**Try it:** With the records below as your source, retype each line exactly from the top down to the line that contains "- renumbered C45", and include that line.

**Data in this exercise:**
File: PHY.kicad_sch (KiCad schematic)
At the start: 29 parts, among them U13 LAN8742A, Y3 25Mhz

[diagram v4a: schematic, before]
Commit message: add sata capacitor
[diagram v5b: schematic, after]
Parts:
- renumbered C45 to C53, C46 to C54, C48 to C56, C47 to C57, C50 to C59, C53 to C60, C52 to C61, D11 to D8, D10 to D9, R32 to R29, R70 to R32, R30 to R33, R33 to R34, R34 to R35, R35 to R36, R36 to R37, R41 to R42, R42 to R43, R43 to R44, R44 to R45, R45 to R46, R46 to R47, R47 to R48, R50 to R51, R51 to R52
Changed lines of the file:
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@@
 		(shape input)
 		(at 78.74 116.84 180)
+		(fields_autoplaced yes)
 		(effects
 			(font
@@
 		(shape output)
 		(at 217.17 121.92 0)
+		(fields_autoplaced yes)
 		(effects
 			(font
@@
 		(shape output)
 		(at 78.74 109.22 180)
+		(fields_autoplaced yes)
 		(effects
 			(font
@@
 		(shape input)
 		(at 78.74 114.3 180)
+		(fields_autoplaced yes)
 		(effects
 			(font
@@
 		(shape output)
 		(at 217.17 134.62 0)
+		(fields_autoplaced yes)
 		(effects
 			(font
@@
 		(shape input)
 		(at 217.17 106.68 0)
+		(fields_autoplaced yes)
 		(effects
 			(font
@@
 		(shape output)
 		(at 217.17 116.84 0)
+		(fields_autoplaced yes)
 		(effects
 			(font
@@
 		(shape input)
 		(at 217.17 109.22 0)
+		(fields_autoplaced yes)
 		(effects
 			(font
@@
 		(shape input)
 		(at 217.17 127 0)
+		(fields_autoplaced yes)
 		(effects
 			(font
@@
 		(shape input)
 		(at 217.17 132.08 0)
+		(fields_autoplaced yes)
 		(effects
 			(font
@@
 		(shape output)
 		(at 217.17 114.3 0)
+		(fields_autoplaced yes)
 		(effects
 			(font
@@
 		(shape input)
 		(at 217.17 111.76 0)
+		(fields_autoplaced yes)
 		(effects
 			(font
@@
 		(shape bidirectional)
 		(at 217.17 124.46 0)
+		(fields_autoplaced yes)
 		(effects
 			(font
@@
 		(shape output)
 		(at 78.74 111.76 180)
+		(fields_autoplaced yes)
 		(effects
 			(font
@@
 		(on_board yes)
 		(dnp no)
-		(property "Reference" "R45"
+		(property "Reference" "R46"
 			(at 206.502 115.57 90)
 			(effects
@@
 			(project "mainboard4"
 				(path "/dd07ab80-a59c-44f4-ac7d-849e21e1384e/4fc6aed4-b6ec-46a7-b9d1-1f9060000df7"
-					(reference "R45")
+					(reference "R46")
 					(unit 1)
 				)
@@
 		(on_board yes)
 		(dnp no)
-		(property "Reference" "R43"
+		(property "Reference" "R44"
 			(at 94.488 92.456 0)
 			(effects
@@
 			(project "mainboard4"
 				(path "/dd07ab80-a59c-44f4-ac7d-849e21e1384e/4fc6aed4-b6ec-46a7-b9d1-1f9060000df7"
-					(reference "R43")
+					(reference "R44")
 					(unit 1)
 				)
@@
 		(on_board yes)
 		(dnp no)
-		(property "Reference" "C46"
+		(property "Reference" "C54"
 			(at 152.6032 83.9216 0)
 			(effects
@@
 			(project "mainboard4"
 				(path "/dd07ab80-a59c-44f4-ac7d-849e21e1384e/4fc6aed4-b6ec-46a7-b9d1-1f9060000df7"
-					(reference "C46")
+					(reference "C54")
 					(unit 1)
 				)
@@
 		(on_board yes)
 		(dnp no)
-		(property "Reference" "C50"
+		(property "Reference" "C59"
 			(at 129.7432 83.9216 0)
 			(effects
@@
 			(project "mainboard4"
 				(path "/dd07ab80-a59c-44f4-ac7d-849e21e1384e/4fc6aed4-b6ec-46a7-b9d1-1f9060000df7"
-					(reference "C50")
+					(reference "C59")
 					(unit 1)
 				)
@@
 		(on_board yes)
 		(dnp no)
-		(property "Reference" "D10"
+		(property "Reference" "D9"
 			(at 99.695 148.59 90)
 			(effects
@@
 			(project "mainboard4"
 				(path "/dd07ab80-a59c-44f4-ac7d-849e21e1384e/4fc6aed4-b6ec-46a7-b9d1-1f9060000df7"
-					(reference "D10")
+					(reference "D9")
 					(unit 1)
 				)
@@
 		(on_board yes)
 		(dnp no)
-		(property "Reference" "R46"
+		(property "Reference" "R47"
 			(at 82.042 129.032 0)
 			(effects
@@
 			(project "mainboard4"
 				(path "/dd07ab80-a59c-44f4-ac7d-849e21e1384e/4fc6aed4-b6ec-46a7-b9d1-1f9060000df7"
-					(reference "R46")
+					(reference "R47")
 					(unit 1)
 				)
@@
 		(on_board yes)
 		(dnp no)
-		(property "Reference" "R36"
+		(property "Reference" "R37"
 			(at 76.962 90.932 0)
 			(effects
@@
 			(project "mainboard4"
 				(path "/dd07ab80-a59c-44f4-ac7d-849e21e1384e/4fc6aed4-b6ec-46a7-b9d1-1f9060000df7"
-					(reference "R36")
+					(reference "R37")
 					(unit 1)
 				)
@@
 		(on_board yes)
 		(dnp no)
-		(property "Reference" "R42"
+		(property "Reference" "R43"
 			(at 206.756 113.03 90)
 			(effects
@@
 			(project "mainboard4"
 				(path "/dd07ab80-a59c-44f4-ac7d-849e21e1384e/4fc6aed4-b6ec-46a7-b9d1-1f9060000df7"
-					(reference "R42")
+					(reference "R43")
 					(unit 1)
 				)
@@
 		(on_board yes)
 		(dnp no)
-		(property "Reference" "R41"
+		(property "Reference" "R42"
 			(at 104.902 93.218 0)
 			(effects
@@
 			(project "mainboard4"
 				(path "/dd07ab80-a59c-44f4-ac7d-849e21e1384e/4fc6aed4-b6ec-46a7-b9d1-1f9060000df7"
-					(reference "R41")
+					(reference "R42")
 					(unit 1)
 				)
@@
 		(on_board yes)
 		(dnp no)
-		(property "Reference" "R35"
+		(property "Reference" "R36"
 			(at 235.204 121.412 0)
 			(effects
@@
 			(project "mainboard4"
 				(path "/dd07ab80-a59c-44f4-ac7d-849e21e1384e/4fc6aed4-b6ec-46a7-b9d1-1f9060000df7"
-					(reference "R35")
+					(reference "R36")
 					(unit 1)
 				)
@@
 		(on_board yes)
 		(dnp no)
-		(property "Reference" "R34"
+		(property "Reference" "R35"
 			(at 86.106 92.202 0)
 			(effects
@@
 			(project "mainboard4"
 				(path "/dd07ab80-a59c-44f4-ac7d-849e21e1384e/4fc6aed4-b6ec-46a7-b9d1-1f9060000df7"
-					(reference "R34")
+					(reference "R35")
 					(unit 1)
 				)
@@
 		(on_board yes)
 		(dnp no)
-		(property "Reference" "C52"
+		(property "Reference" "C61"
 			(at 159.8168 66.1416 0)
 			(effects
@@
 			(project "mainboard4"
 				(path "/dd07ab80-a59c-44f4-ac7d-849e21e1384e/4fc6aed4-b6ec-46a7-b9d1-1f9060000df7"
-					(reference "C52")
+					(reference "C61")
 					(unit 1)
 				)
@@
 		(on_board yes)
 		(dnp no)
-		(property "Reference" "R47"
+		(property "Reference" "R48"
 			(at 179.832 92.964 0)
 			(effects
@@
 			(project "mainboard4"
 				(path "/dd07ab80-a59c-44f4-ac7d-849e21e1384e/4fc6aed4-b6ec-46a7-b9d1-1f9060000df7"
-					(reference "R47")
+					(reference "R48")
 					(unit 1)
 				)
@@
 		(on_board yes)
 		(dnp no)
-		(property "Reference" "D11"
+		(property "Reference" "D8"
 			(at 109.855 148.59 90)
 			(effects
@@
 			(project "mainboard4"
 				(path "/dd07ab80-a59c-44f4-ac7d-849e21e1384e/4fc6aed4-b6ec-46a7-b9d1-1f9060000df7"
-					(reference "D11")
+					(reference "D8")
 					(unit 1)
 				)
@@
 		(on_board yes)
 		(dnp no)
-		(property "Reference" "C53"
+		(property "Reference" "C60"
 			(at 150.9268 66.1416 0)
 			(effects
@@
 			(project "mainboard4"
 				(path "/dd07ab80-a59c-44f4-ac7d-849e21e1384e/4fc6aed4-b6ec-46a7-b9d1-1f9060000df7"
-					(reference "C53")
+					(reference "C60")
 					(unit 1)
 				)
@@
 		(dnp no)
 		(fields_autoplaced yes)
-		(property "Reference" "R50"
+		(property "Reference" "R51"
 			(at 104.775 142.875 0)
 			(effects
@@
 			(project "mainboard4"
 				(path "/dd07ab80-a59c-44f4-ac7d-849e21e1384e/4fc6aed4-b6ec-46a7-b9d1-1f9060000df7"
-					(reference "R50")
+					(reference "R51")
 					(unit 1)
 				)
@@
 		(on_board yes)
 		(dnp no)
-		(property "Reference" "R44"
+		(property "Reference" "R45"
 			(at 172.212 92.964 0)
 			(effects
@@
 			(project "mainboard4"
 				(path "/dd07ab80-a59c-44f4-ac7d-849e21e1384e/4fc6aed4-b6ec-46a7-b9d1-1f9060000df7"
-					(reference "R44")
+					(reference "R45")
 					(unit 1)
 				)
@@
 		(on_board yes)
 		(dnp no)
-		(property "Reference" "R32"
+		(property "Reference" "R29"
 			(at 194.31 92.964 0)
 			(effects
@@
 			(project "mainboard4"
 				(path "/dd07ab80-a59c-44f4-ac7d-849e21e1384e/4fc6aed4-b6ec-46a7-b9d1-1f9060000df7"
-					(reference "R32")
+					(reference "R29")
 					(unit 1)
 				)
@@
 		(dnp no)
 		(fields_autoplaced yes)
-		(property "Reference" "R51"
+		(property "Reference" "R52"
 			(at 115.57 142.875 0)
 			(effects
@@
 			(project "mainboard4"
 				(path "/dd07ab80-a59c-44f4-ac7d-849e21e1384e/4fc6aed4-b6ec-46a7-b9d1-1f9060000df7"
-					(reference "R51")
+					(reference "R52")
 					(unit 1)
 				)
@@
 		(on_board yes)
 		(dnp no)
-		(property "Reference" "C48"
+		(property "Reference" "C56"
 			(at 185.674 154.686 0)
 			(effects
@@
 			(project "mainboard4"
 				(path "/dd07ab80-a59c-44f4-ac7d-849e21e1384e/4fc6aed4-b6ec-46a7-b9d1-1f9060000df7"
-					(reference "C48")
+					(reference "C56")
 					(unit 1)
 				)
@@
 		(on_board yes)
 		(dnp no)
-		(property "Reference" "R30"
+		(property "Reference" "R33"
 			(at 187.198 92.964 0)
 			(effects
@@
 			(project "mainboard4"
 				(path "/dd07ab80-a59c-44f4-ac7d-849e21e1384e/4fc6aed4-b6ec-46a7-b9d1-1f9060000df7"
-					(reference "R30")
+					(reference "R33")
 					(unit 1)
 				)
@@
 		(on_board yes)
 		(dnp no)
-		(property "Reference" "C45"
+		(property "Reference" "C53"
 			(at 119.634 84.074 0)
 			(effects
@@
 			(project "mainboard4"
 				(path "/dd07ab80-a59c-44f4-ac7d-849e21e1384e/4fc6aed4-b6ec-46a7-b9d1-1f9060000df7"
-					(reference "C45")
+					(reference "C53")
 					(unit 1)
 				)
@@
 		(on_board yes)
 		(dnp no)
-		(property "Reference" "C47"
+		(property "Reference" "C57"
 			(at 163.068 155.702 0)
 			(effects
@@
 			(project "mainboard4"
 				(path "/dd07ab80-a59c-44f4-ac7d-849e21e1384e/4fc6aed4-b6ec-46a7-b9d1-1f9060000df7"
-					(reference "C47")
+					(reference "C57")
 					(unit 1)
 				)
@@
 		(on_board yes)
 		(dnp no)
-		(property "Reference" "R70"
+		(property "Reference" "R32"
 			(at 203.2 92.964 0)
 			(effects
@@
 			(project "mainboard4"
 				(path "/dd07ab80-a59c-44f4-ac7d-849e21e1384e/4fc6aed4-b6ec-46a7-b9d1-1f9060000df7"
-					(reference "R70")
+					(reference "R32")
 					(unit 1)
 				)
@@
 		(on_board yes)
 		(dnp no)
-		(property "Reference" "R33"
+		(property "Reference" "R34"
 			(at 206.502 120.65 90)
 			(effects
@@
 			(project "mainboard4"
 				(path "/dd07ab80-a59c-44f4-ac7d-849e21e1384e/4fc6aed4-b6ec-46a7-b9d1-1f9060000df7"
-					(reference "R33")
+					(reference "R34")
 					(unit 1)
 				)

**Response for this exercise:**
File: PHY.kicad_sch (KiCad schematic)
At the start: 29 parts, among them U13 LAN8742A, Y3 25Mhz

[diagram v4a: schematic, before]
Commit message: add sata capacitor
[diagram v5b: schematic, after]
Parts:
- renumbered C45 to C53, C46 to C54, C48 to C56, C47 to C57, C50 to C59, C53 to C60, C52 to C61, D11 to D8, D10 to D9, R32 to R29, R70 to R32, R30 to R33, R33 to R34, R34 to R35, R35 to R36, R36 to R37, R41 to R42, R42 to R43, R43 to R44, R44 to R45, R45 to R46, R46 to R47, R47 to R48, R50 to R51, R51 to R52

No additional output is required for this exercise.